About two years ago, the Ice Bucket Challenge went viral on social media. People from all walks of life – including celebrities and world leaders – immediately hopped on the trend, dumping some buckets of ice and water on their heads.
Although it was intended to increase awareness about amyotrophic lateral sclerosis (ALS or Lou Gehrig’s disease) and to raise funds for it, many haters bashed it as senseless and crazy. In fact some even went as far as branding it as “slacktivism.”
Well, this news will probably fire back at all those critics.
In a BoredPanda blog report, we are told that the University of Massachusetts Medical School’s Project MinE conducted a successful research where they were able to identify the NEK1 gene as that which causes the disease. The groundbreaking discovery was recently published in Nature Genetics.

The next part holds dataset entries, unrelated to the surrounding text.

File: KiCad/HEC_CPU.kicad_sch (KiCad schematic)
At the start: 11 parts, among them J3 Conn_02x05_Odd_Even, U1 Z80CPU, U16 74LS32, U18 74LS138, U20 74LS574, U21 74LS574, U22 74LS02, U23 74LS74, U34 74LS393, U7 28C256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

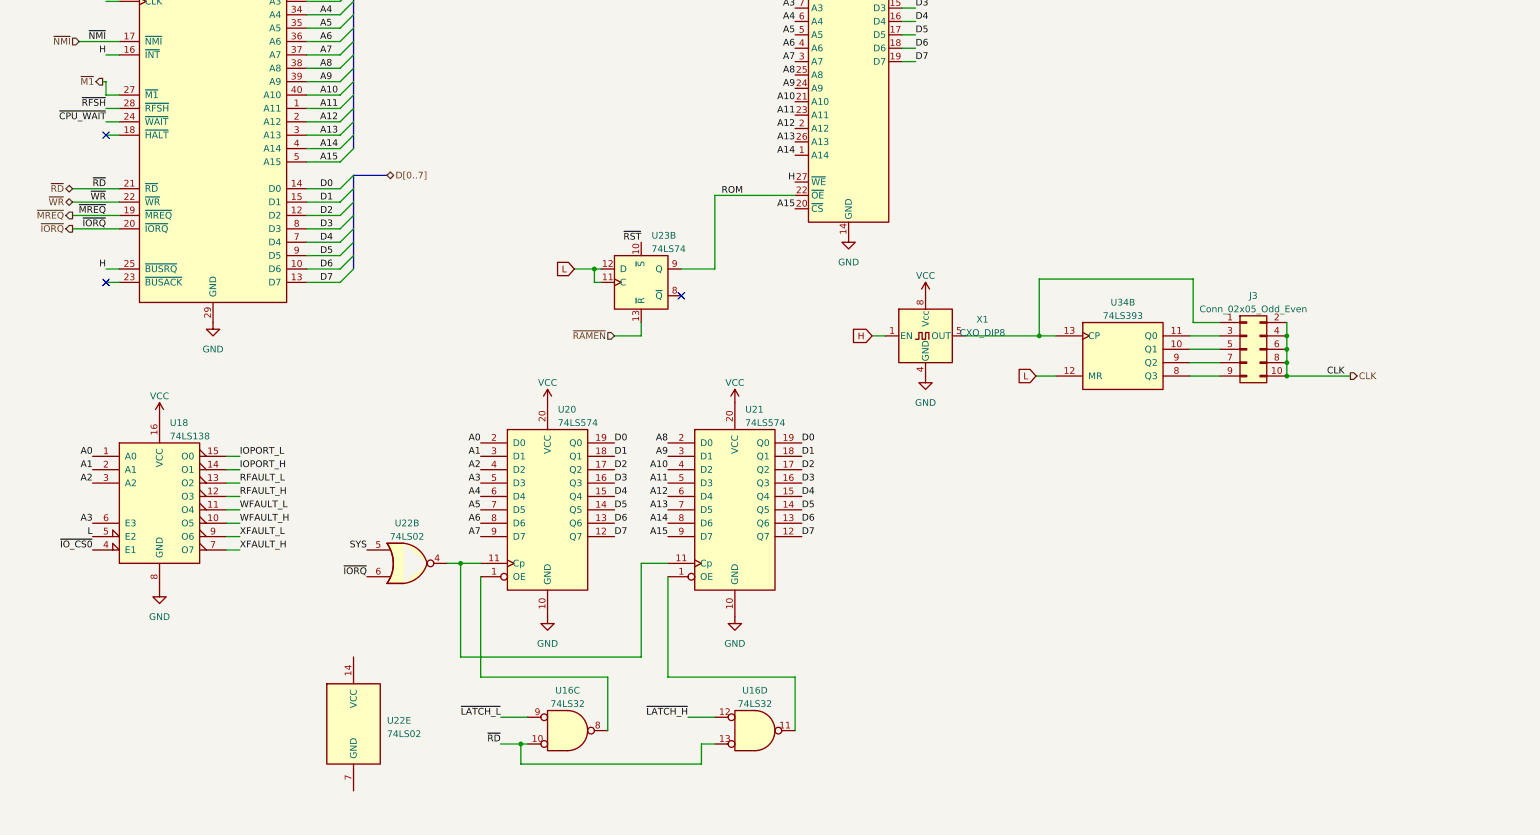
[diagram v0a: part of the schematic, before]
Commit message: PCB Update
Some part placement, some routing, some change in schematic for easier PCB routing.
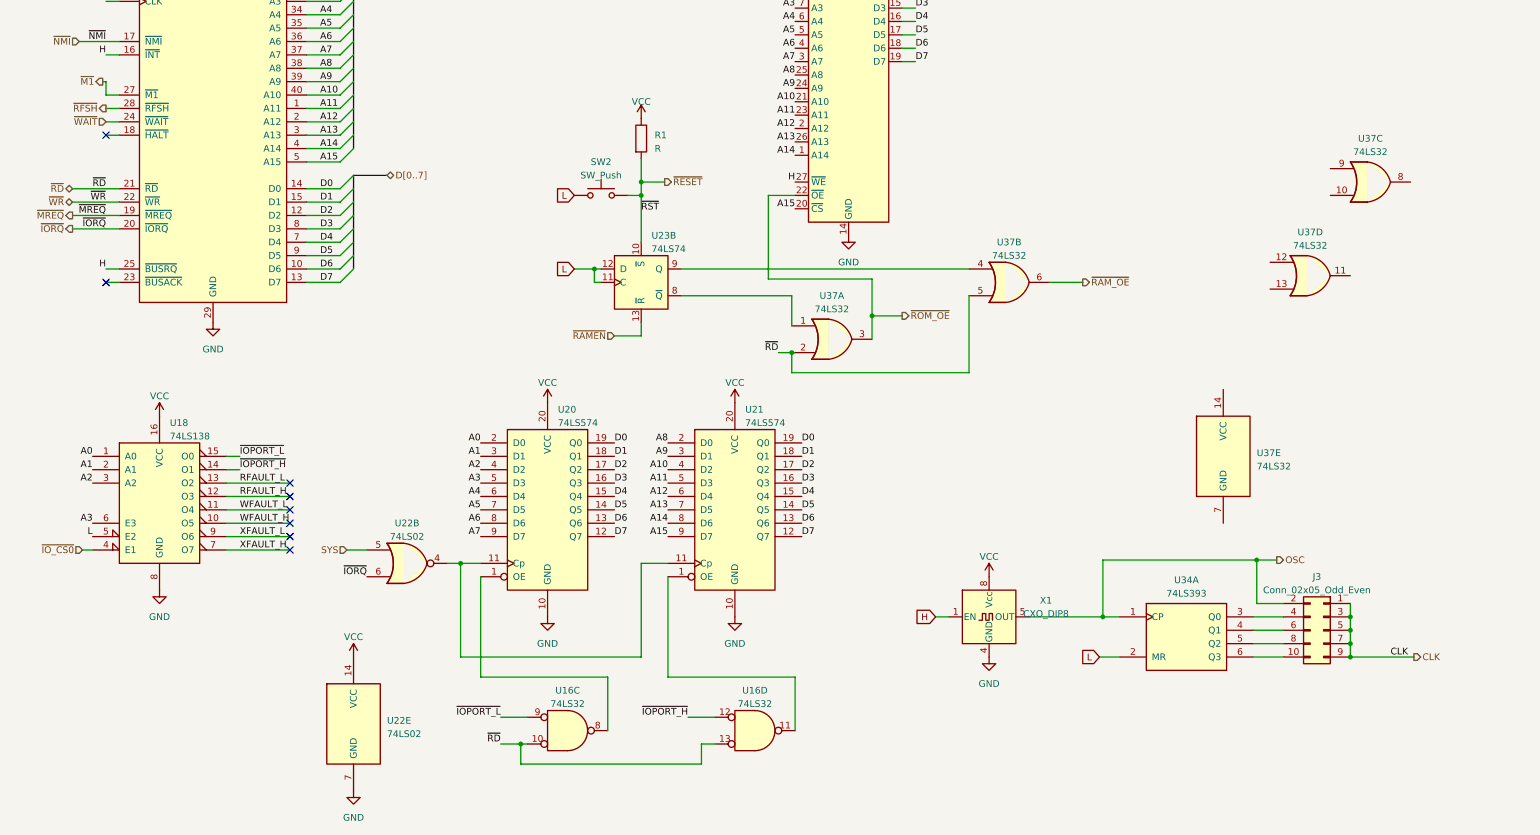
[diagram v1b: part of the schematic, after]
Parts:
- removed U34: 74LS393, Package_DIP:DIP-14_W7.62mm_Socket, symbol 74xx:74LS393
- added R1: R, Resistor_THT:R_Axial_DIN0207_L6.3mm_D2.5mm_P7.62mm_Horizontal, symbol Device:R
- added SW2: SW_Push, Button_Switch_THT:SW_PUSH_6mm, symbol Switch:SW_Push
- added U34: 74LS393, Package_DIP:DIP-14_W7.62mm_Socket, symbol 74xx:74LS393
- added U37: 74LS32, symbol 74xx:74LS32
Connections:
- net ~{LATCH_H} is gone; now on net ~{IOPORT_H}: U16.12
- net ~{LATCH_L} is gone; now on net ~{IOPORT_L}: U16.9
- net CLK: now also J3.1 (Pin_1), J3.3 (Pin_3), J3.5 (Pin_5), J3.7 (Pin_7), J3.9 (Pin_9); no longer J3.10 (Pin_10), J3.2 (Pin_2), J3.4 (Pin_4), J3.6 (Pin_6), J3.8 (Pin_8)
- net GND: now also U22.7 (GND)
- net L: now also SW2.2, U34.2 (MR)
- net VCC: now also U22.14 (VCC), R1.1
- net ~{RD}: now also U37.2, U37.5
- net OSC: now reaches X1.5 (OUT)
- net OSC: now also J3.2 (Pin_2), U34.1 (CP); no longer J3.1 (Pin_1)
- net at U23.8 (~{Q}): now also U37.1
- net IOPORT_H renamed ~{IOPORT_H}
- net IOPORT_L renamed ~{IOPORT_L}
- net ROM: no longer names the net of U23.9 (Q)
- net ROM: now also U37.4; no longer U7.22 (~{OE})
- net ~{CPU_WAIT} renamed ~{WAIT}
- net ~{RST} renamed ~{RESET}
- net ~{RESET}: now also R1.2, SW2.1
- new net: J3.4 (Pin_4), U34.3 (Q0)
- new net: J3.6 (Pin_6), U34.4 (Q1)
- new net: J3.8 (Pin_8), U34.5 (Q2)
- new net: J3.10 (Pin_10), U34.6 (Q3)
- new net ~{RAM_OE}: U37.6
- new net ~{ROM_OE}: U37.3, U7.22 (~{OE})
- no-connect marks 3 -> 8
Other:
- moved on the sheet: J3, X1

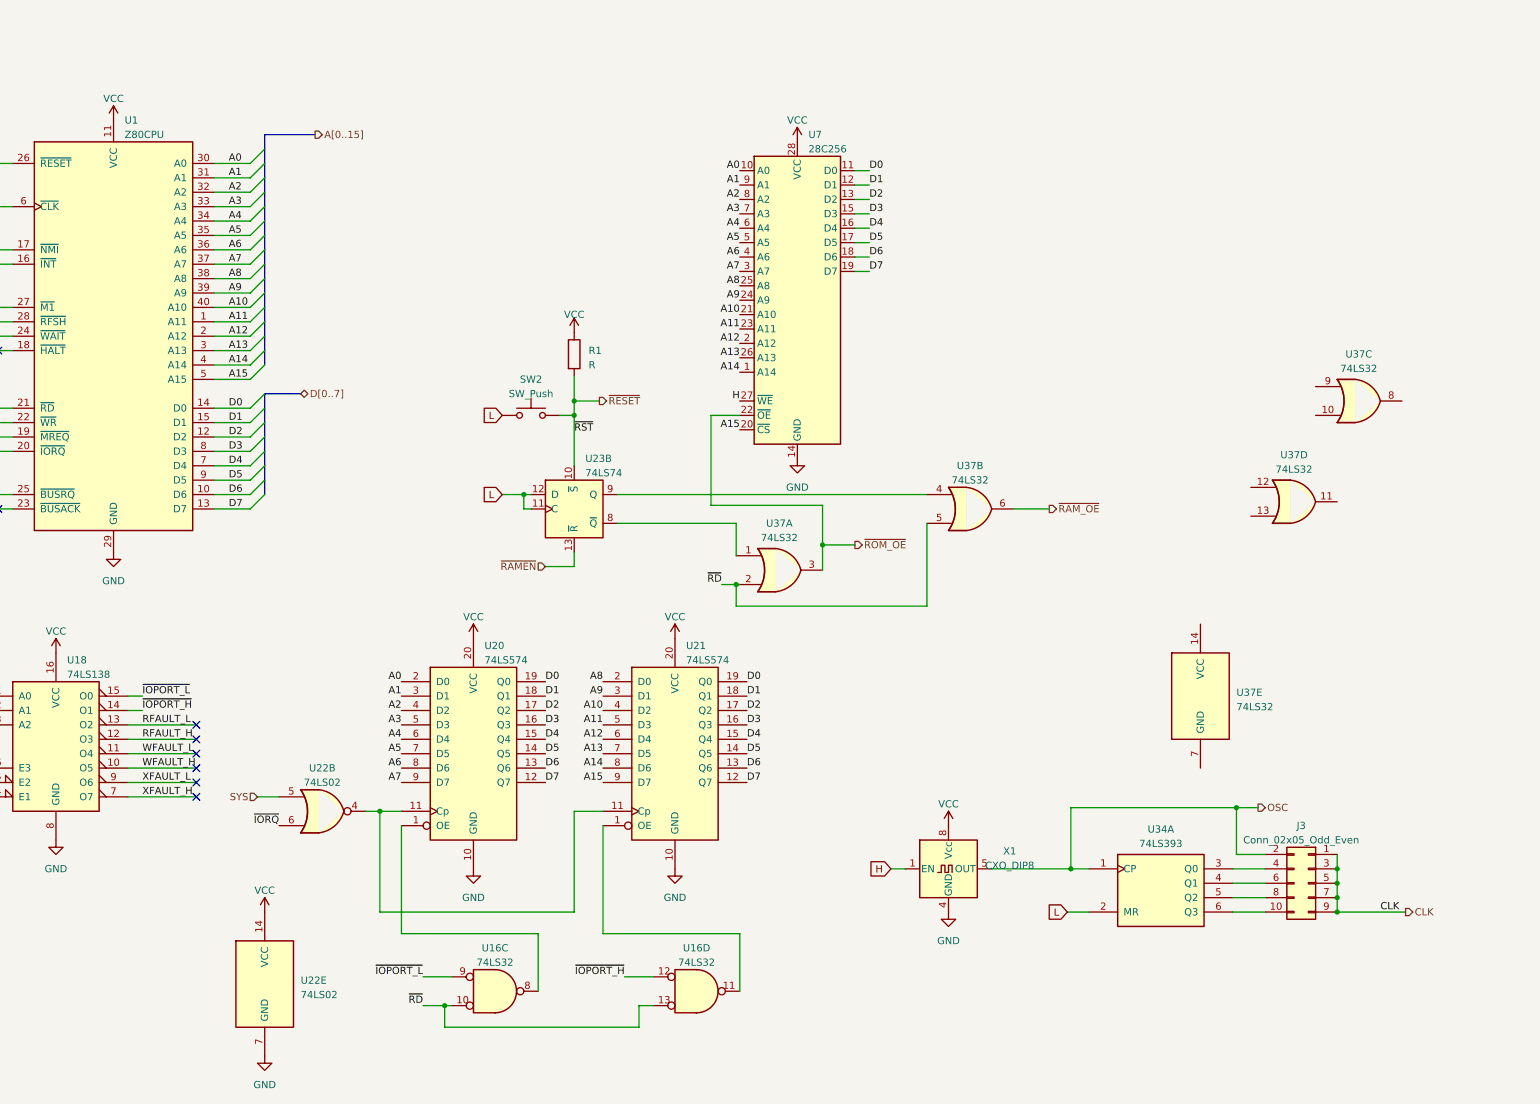
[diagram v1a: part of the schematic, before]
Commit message: Add POST code circuit
Add circuit to show POST code using I register on Z80 to assist debugging.
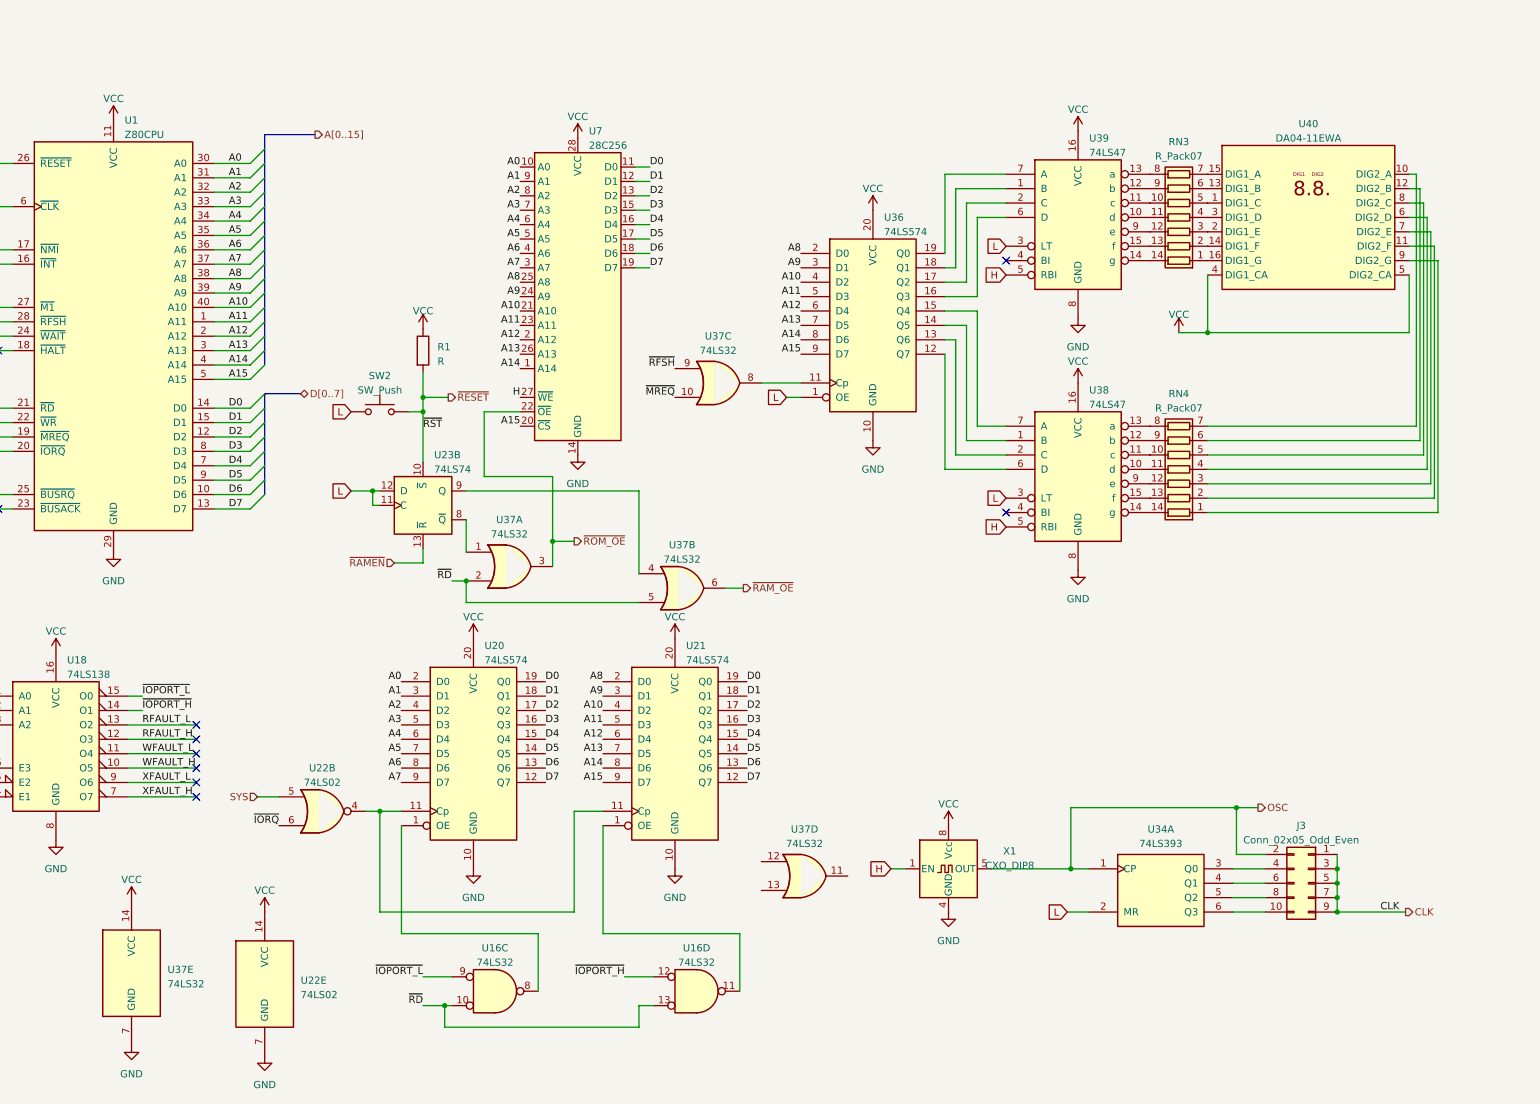
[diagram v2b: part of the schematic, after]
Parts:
- added RN3, RN4: R_Pack07, Package_DIP:DIP-14_W7.62mm, symbol Device:R_Pack07
- added U36: 74LS574, Package_DIP:DIP-20_W7.62mm_Socket, symbol 74xx:74LS574
- added U38, U39: 74LS47, Package_DIP:DIP-16_W7.62mm_Socket, symbol 74xx:74LS47
- added U40: DA04-11EWA, Display_7Segment:DA04-11SURKWA, symbol Display_Character:DA04-11EWA
- U37: footprint (none) -> Package_DIP:DIP-14_W7.62mm_Socket
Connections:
- net A10: now also U36.4 (D2)
- net A11: now also U36.5 (D3)
- net A12: now also U36.6 (D4)
- net A13: now also U36.7 (D5)
- net A14: now also U36.8 (D6)
- net A15: now also U36.9 (D7)
- net A8: now also U36.2 (D0)
- net A9: now also U36.3 (D1)
- net GND: now also U37.7 (GND), U36.10 (GND), U38.8 (GND), U39.8 (GND)
- net H: now also U38.5 (RBI), U39.5 (RBI)
- net L: now also U36.1 (OE), U38.3 (LT), U39.3 (LT)
- net VCC: now also U37.14 (VCC), U36.20 (VCC), U38.16 (VCC), U39.16 (VCC), U40.4 (DIG1_CA), U40.5 (DIG2_CA)
- net ~{MREQ}: now also U37.10
- net ~{RFSH}: now also U37.9
- net at U37.8: now also U36.11 (Cp)
- new net: RN4.1 (R1.1), U40.9 (DIG2_G)
- new net: RN4.10 (R5.2), U38.11 (c)
- new net: RN4.11 (R4.2), U38.10 (d)
- new net: RN4.12 (R3.2), U38.9 (e)
- new net: RN4.13 (R2.2), U38.15 (f)
- new net: RN4.14 (R1.2), U38.14 (g)
- new net: RN4.2 (R2.1), U40.11 (DIG2_F)
- new net: RN4.3 (R3.1), U40.7 (DIG2_E)
- new net: RN4.4 (R4.1), U40.6 (DIG2_D)
- new net: RN4.5 (R5.1), U40.8 (DIG2_C)
- new net: RN4.6 (R6.1), U40.12 (DIG2_B)
- new net: RN4.7 (R7.1), U40.10 (DIG2_A)
- new net: RN4.8 (R7.2), U38.13 (a)
- new net: RN4.9 (R6.2), U38.12 (b)
- new net: U36.14 (Q5), U38.1 (B)
- new net: U36.13 (Q6), U38.2 (C)
- new net: U36.12 (Q7), U38.6 (D)
- new net: U36.15 (Q4), U38.7 (A)
- new net: RN3.5 (R5.1), U40.1 (DIG1_C)
- new net: RN3.6 (R6.1), U40.13 (DIG1_B)
- new net: RN3.2 (R2.1), U40.14 (DIG1_F)
- new net: RN3.7 (R7.1), U40.15 (DIG1_A)
- new net: RN3.1 (R1.1), U40.16 (DIG1_G)
- new net: RN3.3 (R3.1), U40.2 (DIG1_E)
- new net: RN3.4 (R4.1), U40.3 (DIG1_D)
- new net: U36.16 (Q3), U39.6 (D)
- new net: U36.17 (Q2), U39.2 (C)
- new net: U36.18 (Q1), U39.1 (B)
- new net: U36.19 (Q0), U39.7 (A)
- new net: RN3.10 (R5.2), U39.11 (c)
- new net: RN3.11 (R4.2), U39.10 (d)
- new net: RN3.12 (R3.2), U39.9 (e)
- new net: RN3.13 (R2.2), U39.15 (f)
- new net: RN3.14 (R1.2), U39.14 (g)
- new net: RN3.8 (R7.2), U39.13 (a)
- new net: RN3.9 (R6.2), U39.12 (b)
- no-connect marks 8 -> 10
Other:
- moved on the sheet: R1, SW2, U23B, U37A, U37B, U37C, U37D, U37E, U7

This was, of course, made possible, thanks to the $100 million raised by the online campaign with $1 million of which was used to fund the research of the university scientists. With this discovery, medical experts will have higher chances of coming up with a cure for the disease.
Project MinE founder Bernard Muller said:
“The ALS Ice Bucket Challenge enabled us to secure funding from new sources in new parts of the world. “This transatlantic collaboration supports our global gene hunt to identify the genetic drivers of ALS.”
That being said, kudos to everyone who participated in the ice bucket challenge. You guys helped make a big difference!
What is ALS?
“ALS,” according to ALSA.org, “is a progressive neurodegenerative disease that affects nerve cells in the brain and the spinal cord.”
The site also added:
“There are two different types of ALS, sporadic and familial. Sporadic which is the most common form of the disease in the U.S., is 90 – 95 percent of all cases. It may affect anyone, anywhere. Familial ALS (FALS) accounts for 5 to 10 percent of all cases in the U.S. Familial ALS means the disease is inherited. In those families, there is a 50% chance each offspring will inherit the gene mutation and may develop the disease. French neurologist Jean-Martin Charcot discovered the disease in 1869.”
Currently, there is no known cure for ALS which is alarming since people who are suffering from it die within 2 to 5 years after diagnosis.